By Using ROW_NUMBER() Window Function
SELECT AVG(list_price) AS "Median"
FROM
(
SELECT list_price,
ROW_NUMBER() OVER (ORDER BY list_price ASC, order_id ASC) AS RowAsc,
ROW_NUMBER() OVER (ORDER BY list_price DESC, order_id DESC) AS RowDesc
FROM sales.order_items
) data
WHERE
RowAsc IN (RowDesc, RowDesc - 1, RowDesc + 1)
The above query first assigns row numbers in ascending and descending order to each row based on the list_price
and order_id
. The subquery retrieves the list_price
and the corresponding row numbers for both ascending and descending order. The outer query calculates the average of the list_price
where the row number in ascending order is either equal to or within one position from the row number in descending order.
By Using ORDER BY, MIN() And Max() Functions
SELECT (
(SELECT MAX(list_price)
FROM (
SELECT TOP 50 PERCENT list_price
FROM sales.order_items
ORDER BY list_price) AS BottomHalf) +
(SELECT MIN(list_price)
FROM (
SELECT TOP 50 PERCENT list_price
FROM sales.order_items
ORDER BY list_price DESC) AS TopHalf)
) / 2 AS Median
Here, we divide the dataset into two halves (top and bottom) based on the list_price
. The inner subqueries find the top 50% and bottom 50% of the list prices separately.

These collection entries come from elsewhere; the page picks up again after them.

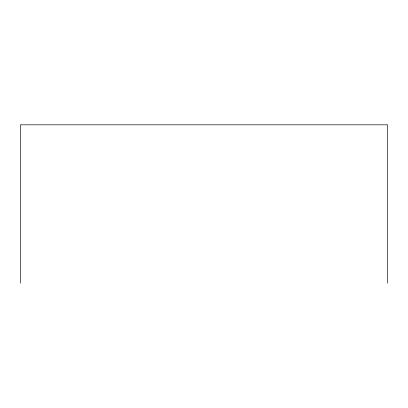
<?xml version="1.0" encoding="UTF-8"?>
<svg xmlns="http://www.w3.org/2000/svg" width="408" height="408" viewBox="0 0 408 408"><rect width="100%" height="100%" fill="white"/><g stroke="black" fill="none" stroke-linecap="round" stroke-linejoin="round"><path stroke-width="0.61" d="M387.6 283.193L387.6 124.807L20.4 124.807L20.4 283.193"/></g></svg>
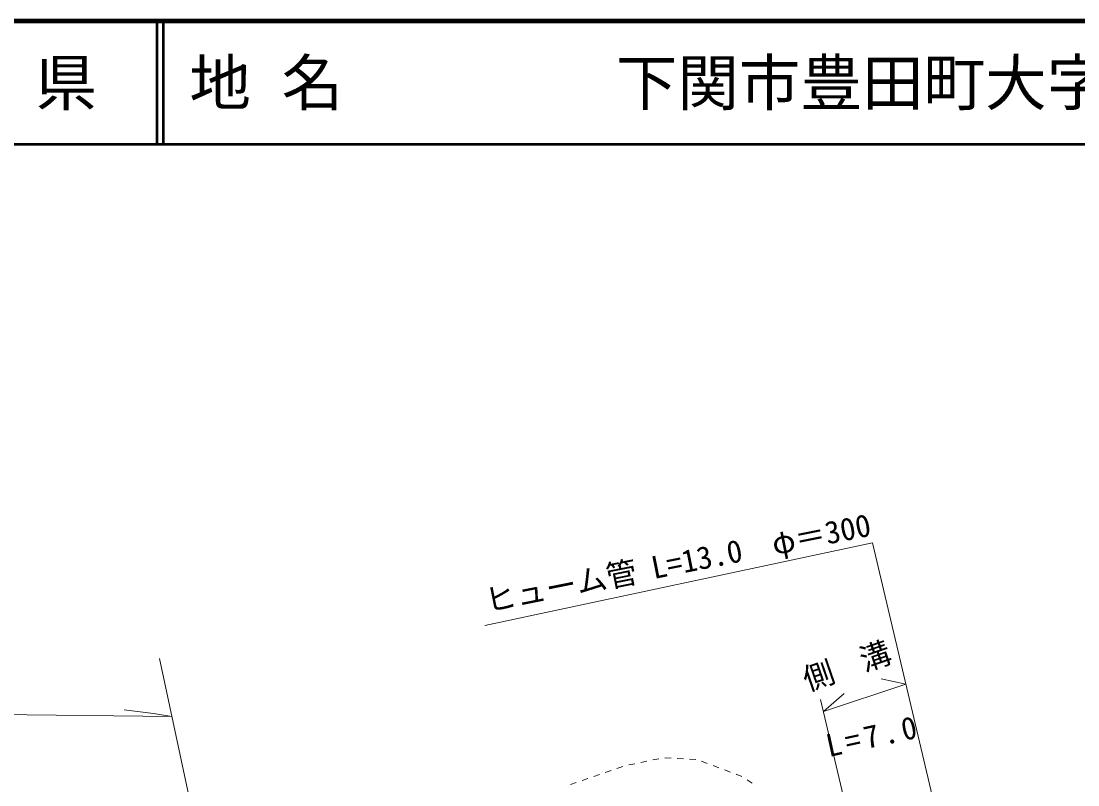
# Model space of a CAD drawing. Units: millimetres, scale not verified. Extents: x 40000 to 680000, y 20000 to 380000.
# Drawn here: x 356714 to 442558, y 317968 to 380000 of the extents above; entities that cross this region are included whole.
import ezdxf
from ezdxf.enums import TextEntityAlignment as Align

# ---------------------------------------------------------------- set-up
doc = ezdxf.new("R2010")
doc.units = ezdxf.units.MM
doc.header["$LTSCALE"] = 1000
for name, color, linetype, lineweight in [('M-BGD', 7, 'Continuous', 13), ('M-STR-HTXT', 7, 'Continuous', 13), ('M-TTL', 2, 'Continuous', 140), ('M-TTL-LINE', 7, 'Continuous', 50)]:
    doc.layers.add(name, color=color, linetype=linetype, lineweight=lineweight)
doc.layers.add('M-TTL-TXT', color=7, linetype='Continuous')
doc.styles.add('ＭＳ ゴシック', font='')
doc.styles.get('ＭＳ ゴシック').set_extended_font_data('MS Gothic')

msp = doc.modelspace()

# ---------------------------------------------------------------- linework, layer by layer
at = {"layer": 'M-BGD'}
for p, q in [((428595, 326151), (426592, 326572)), ((421884, 323914), (428595, 326151)), ((421884, 323914), (423565, 325377)), ((405589, 319469), (405117, 319305)), ((406564, 319686), (406074, 319586)), ((407544, 319887), (407054, 319787)), ((408523, 320088), (408034, 319988)), ((409514, 320132), (409015, 320160)), ((410513, 320075), (410014, 320103)), ((411511, 320018), (411012, 320046)), ((412458, 319716), (411990, 319893)), ((413393, 319363), (412925, 319540)), ((402755, 318485), (402283, 318320)), ((403700, 318813), (403228, 318649)), ((404644, 319141), (404172, 318977)), ((414329, 319010), (413861, 319186)), ((415259, 318658), (414796, 318833)), ((415264, 318655), (415259, 318658)), ((401811, 318156), (401338, 317992)), ((416103, 318112), (415683, 318383))]:
    msp.add_line(p, q, dxfattribs=at)
at = {"layer": 'M-STR-HTXT'}
for p, q in [((394390, 330904), (425887, 337636)), ((425887, 337636), (434071, 302928)), ((367957, 328228), (377868, 281806)), ((203415, 325543), (368964, 323510)), ((421650, 324906), (427222, 301303)), ((367469, 323760), (365071, 324074)), ((368964, 323510), (367469, 323760))]:
    msp.add_line(p, q, dxfattribs=at)
at = {"layer": 'M-TTL'}
msp.add_line((680000, 380000), (40000, 380000), dxfattribs=at)
at = {"layer": 'M-TTL-LINE'}
for p, q in [((367750, 380000), (367750, 370000)), ((368250, 380000), (368250, 370000)), ((40000, 370000), (680000, 370000))]:
    msp.add_line(p, q, dxfattribs=at)

# ---------------------------------------------------------------- texts
at = {"layer": 'M-STR-HTXT', "style": 'ＭＳ ゴシック'}
msp.add_text('ヒューム管 L=13.0\u3000φ＝300', height=1833, rotation=11.269, dxfattribs=at).set_placement((410360, 334569), align=Align.BOTTOM_CENTER)
at = {"layer": 'M-STR-HTXT', "char_height": 1833, "attachment_point": 8, "style": 'ＭＳ ゴシック'}
for s, insert, rotation in [('\\T1.3;側\\~溝', (424515, 326706), 19.078), ('\\T1.25;L=7.0', (426140, 321018), 12.219)]:
    msp.add_mtext(s, dxfattribs=dict(at, insert=insert, rotation=rotation))
at = {"layer": 'M-TTL-TXT', "style": 'ＭＳ ゴシック'}
msp.add_text('山\u3000口\u3000県', height=3666, dxfattribs=at).set_placement((350375, 375000), align=Align.MIDDLE_CENTER)
for s, p in [('地 名', (370380, 375000)), ('下関市豊田町大字江良', (405024, 375000))]:
    msp.add_text(s, height=3666, dxfattribs=at).set_placement(p, align=Align.MIDDLE_LEFT)

doc.saveas('drawing.dxf')
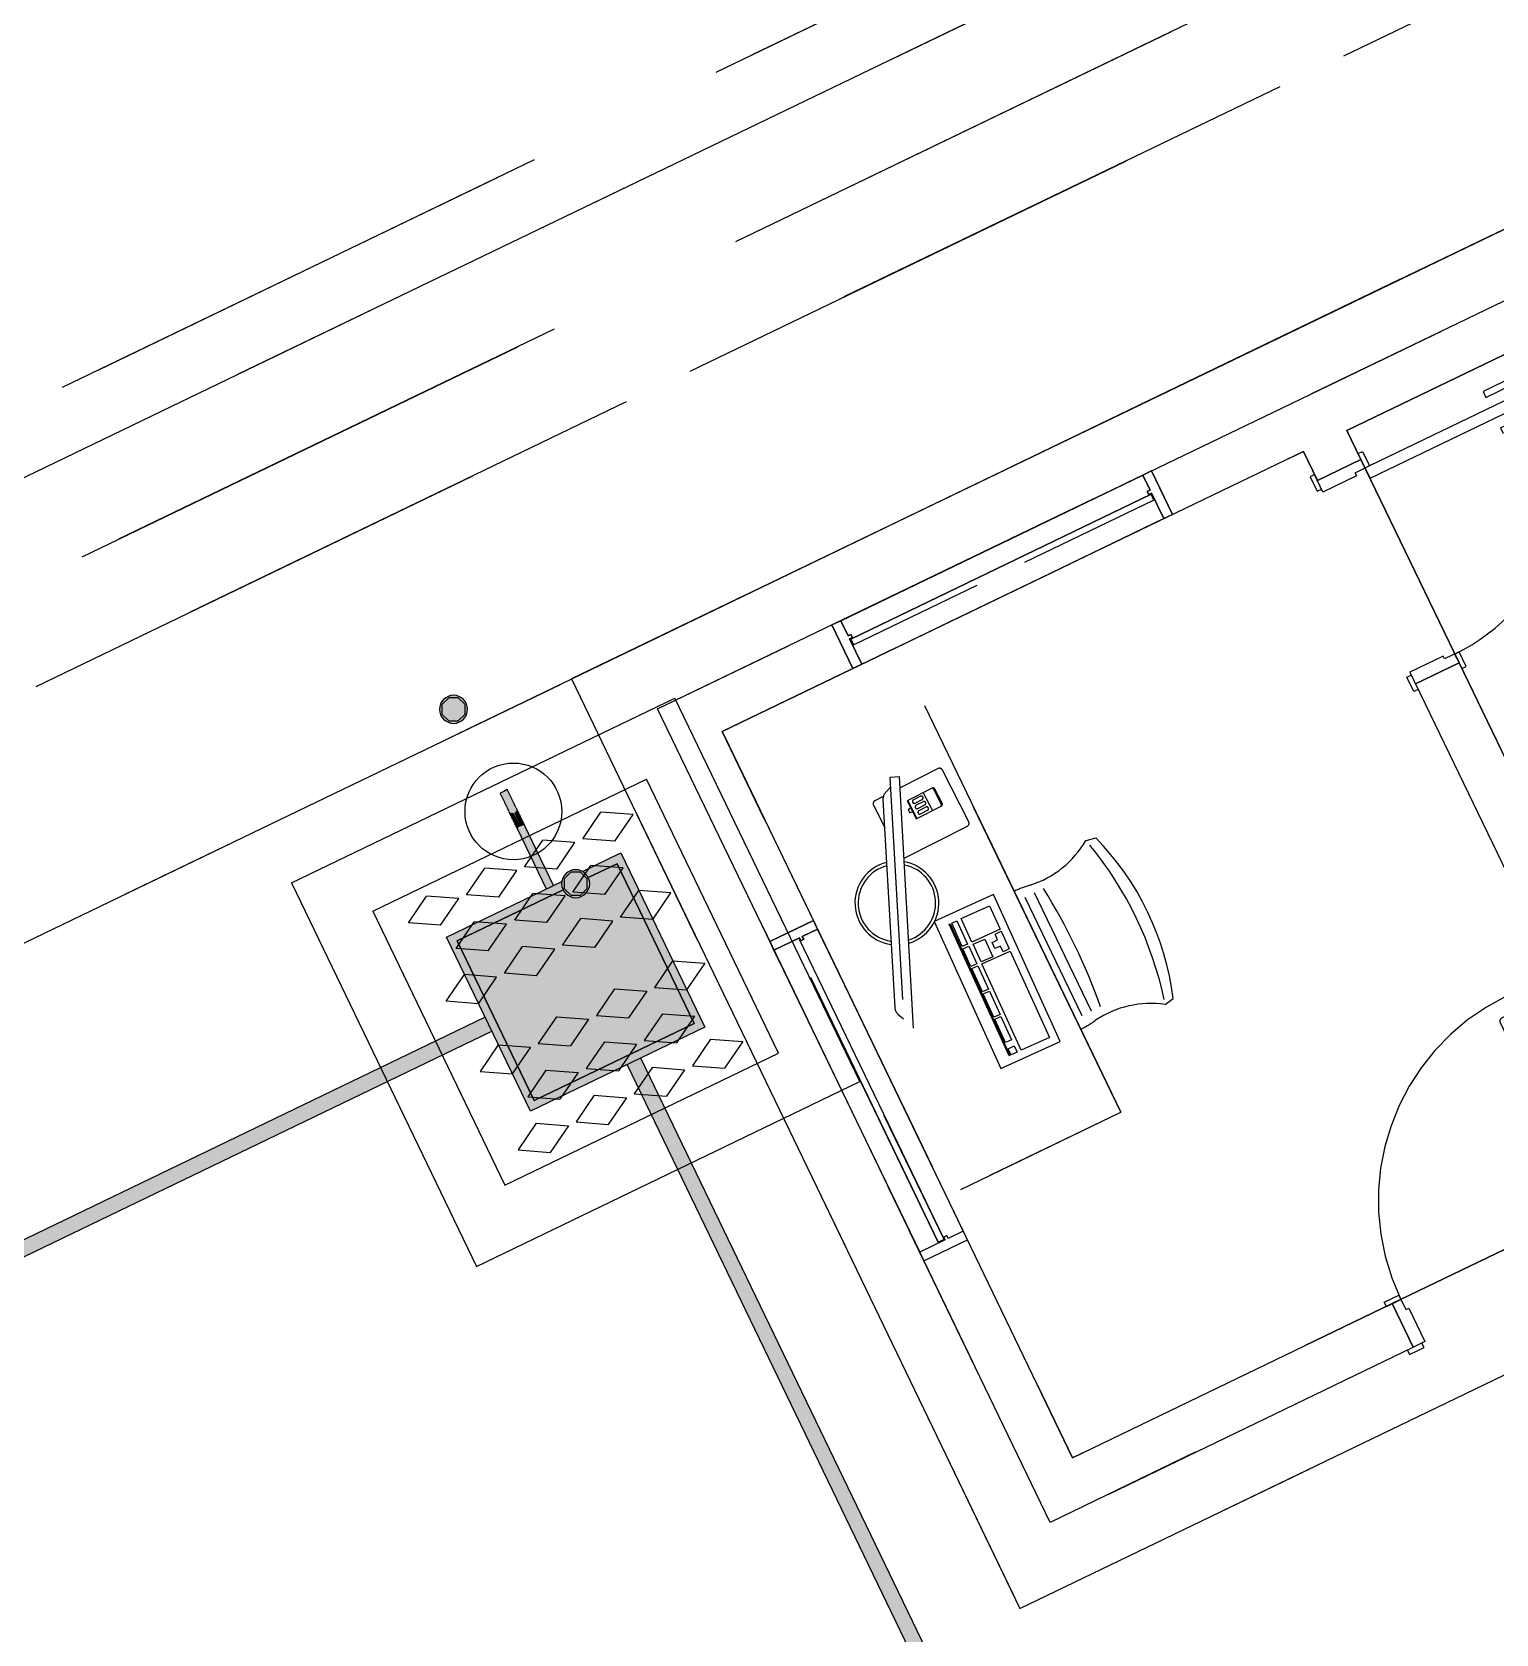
# Model space of a CAD drawing. Header units: metres. Extents: x 4 to 151, y -16 to 34.
# Drawn here: x 42.129 to 46.668, y 16.57 to 21.537 of the extents above; entities that cross this region are included whole.
import ezdxf

# ---------------------------------------------------------------- set-up
doc = ezdxf.new("R2010")
doc.units = ezdxf.units.M
doc.linetypes.add('IMPORT-_Tracejado pequeno', pattern=[2.25, 1.5, -0.75])
doc.linetypes.add('IMPORT-DASHED2 _4_', pattern=[0.375, 0.25, -0.125])
for name, color, linetype, lineweight in [('A-ANNO-NOTE', 7, 'Continuous', 9), ('Dispositivos elétricos', 7, 'Continuous', 50), ('E-POWR-CNDT', 7, 'Continuous', 25), ('KIRYA - PAREDE', 7, 'Continuous', 35), ('KIRYA - PISO', 7, 'Continuous', 9), ('KIRYA - PROJEÇÃO', 7, 'IMPORT-DASHED2 _4_', 9), ('KIRYA - SQUADRIA', 7, 'Continuous', 9), ('LAYOUT-MOBILIA', 7, 'Continuous', 9)]:
    doc.layers.add(name, color=color, linetype=linetype, lineweight=lineweight)
doc.layers.add('Base Revit Coremas_dwg', color=7, linetype='Continuous', lineweight=9, true_color=0x767676)

# ---------------------------------------------------------------- blocks, each defined once
blk = doc.blocks.new('Caixa de Passagem no Passeio - Caixa de Passagem no Passeio 2-V5-PLANTA BAIXA - TÉRREO')
at = {"layer": 'Dispositivos elétricos', "lineweight": 25, "true_color": 0x82482d}
blk.add_hatch(color=27, dxfattribs=at).paths.add_polyline_path([(-0.3, -0.3), (0.3, -0.3), (0.3, 0.3), (0.1686, 0.2995), (0.1738, 0.2889), (0.1767, 0.275), (0.275, 0.275), (0.275, -0.275), (-0.275, -0.275), (-0.275, 0.275), (0.0894, 0.275), (0.0899, 0.2831), (0.0935, 0.2939), (0.0964, 0.3), (-0.3, 0.3), (-0.3, -0.2933)])
at = {"layer": 'Dispositivos elétricos', "lineweight": 25, "true_color": 0x5a6266}
blk.add_hatch(color=251, dxfattribs=at).paths.add_polyline_path([(-0.275, -0.275), (0.275, -0.2744), (0.275, 0.275), (0.1758, 0.2741), (0.1747, 0.265), (0.1718, 0.2561), (0.1656, 0.2466), (0.1531, 0.237), (0.1466, 0.2339), (0.1317, 0.2319), (0.1226, 0.2329), (0.1137, 0.2358), (0.1042, 0.242), (0.0947, 0.2545), (0.0915, 0.2611), (0.0894, 0.275), (-0.275, 0.275), (-0.275, -0.1207)])
at = {"layer": 'Dispositivos elétricos', "color": 253, "lineweight": 25, "true_color": 0xababab}
for p, q in [((-0.3, -0.3), (-0.3, 0.3)), ((-0.3, 0.3), (0.0975, 0.3)), ((0.1681, 0.3), (0.3, 0.3)), ((0.3, 0.3), (0.3, -0.3)), ((-0.275, -0.275), (-0.275, 0.275)), ((-0.275, 0.275), (0.0894, 0.275)), ((-0.275, 0.275), (-0.275, -0.275)), ((0.0894, 0.275), (-0.275, 0.275)), ((0.1758, 0.275), (0.275, 0.275)), ((0.275, 0.275), (0.1758, 0.275)), ((0.275, 0.275), (0.275, -0.275)), ((0.275, -0.275), (0.275, 0.275)), ((0.275, -0.275), (-0.275, -0.275)), ((-0.275, -0.275), (0.275, -0.275)), ((0.3, -0.3), (-0.3, -0.3))]:
    blk.add_line(p, q, dxfattribs=at)
blk = doc.blocks.new('PVC Corrugado Amarelo_Caixa de Octogonal 4x4 - PVC Corrugado Amarelo_Caixa de Octogonal 4x4-2829200-PLANTA BAIXA - TÉRREO')
at = {"layer": 'Dispositivos elétricos', "lineweight": 25, "true_color": 0xffff00}
h = blk.add_hatch(color=2, dxfattribs=at)
h.paths.add_polyline_path([(0, -0.0435), (0.0148, -0.0405), (0.0242, -0.0358), (0.0308, -0.0308), (0.0377, -0.0217), (0.0423, -0.0093), (0.0435, 0), (0.0405, 0.0148), (0.0358, 0.0242), (0.0308, 0.0308), (0.0205, 0.0382), (0.0093, 0.0423), (-0.0032, 0.0431), (-0.0113, 0.042), (-0.0253, 0.0349), (-0.031, 0.0304), (-0.0377, 0.0218), (-0.0424, 0.0082), (-0.0435, 0), (-0.0405, -0.0148), (-0.0358, -0.0242), (-0.0276, -0.0332), (-0.0217, -0.0377), (-0.0082, -0.0424), (-0.0032, -0.0431)])
h.paths.add_polyline_path([(0.0032, -0.0358), (-0.0153, -0.0353), (-0.0358, -0.0142), (-0.0353, 0.0153), (-0.0148, 0.0358), (0.0148, 0.0358), (0.0358, 0.0148), (0.0358, -0.0148), (0.0142, -0.0358), (0.0062, -0.0358)])
blk.add_hatch(color=2, dxfattribs=at).paths.add_polyline_path([(0.0148, -0.0358), (0.0358, -0.0148), (0.0358, 0.0148), (0.0148, 0.0358), (-0.0148, 0.0358), (-0.0358, 0.0148), (-0.0358, -0.0148), (-0.0148, -0.0358)])
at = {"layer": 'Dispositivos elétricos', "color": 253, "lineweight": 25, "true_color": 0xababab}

The MAX(list_price)
and MIN(list_price)
functions respectively retrieve the highest and lowest values from each half. The final result is obtained by adding the maximum value from the bottom half and the minimum value from the top half, then dividing the sum by 2 to get the median.
By Using NTILE() Window Function
SELECT MAX(list_price) AS "Median"
FROM (
SELECT list_price,
NTILE(4) OVER(ORDER BY list_price) AS Quartile
FROM sales.order_items
) X
WHERE Quartile = 2
The NTILE
function divides the result set into 4
equal parts (quartiles). The ORDER BY list_price
sorts the list prices in ascending order. The outer query selects the maximum list price from the subquery where Quartile
is 2
, representing the second quartile, which is the median.
By Using PERCENTILE_CONT() Window Function
SELECT DISTINCT PERCENTILE_CONT(0.5)
WITHIN GROUP (ORDER BY list_price) OVER() AS "Median"
FROM sales.order_items
The PERCENTILE_CONT
function calculates a specific percentile for a given column within a group. The 0.5
argument indicates that we want to find the 50th percentile, which is the median. The ORDER BY list_price
clause ensures that the list prices are sorted in ascending order before calculating the median. The DISTINCT
keyword makes sure that we only get one result for the overall median, even if there are multiple rows with the same median value. The OVER()
function is used without any partitioning, so the PERCENTILE_CONT
is applied to the entire result set.
NOTE: All queries are written in MS SQL Server.
Each of these queries offers a different approach to calculating the median in SQL, and their effectiveness may vary depending on the dataset size and database system being used. It’s always a good practice to test these queries on your specific dataset to find the most efficient and accurate method for calculating the median.
I am sure there are other ways to calculate Median in SQL. Please make sure to comment that if you come across any. Let me know which one is your favorite or preferred method from the above. I hope this blog helps you to enhance your SQL skills. And yes, “SQL Before Everything”!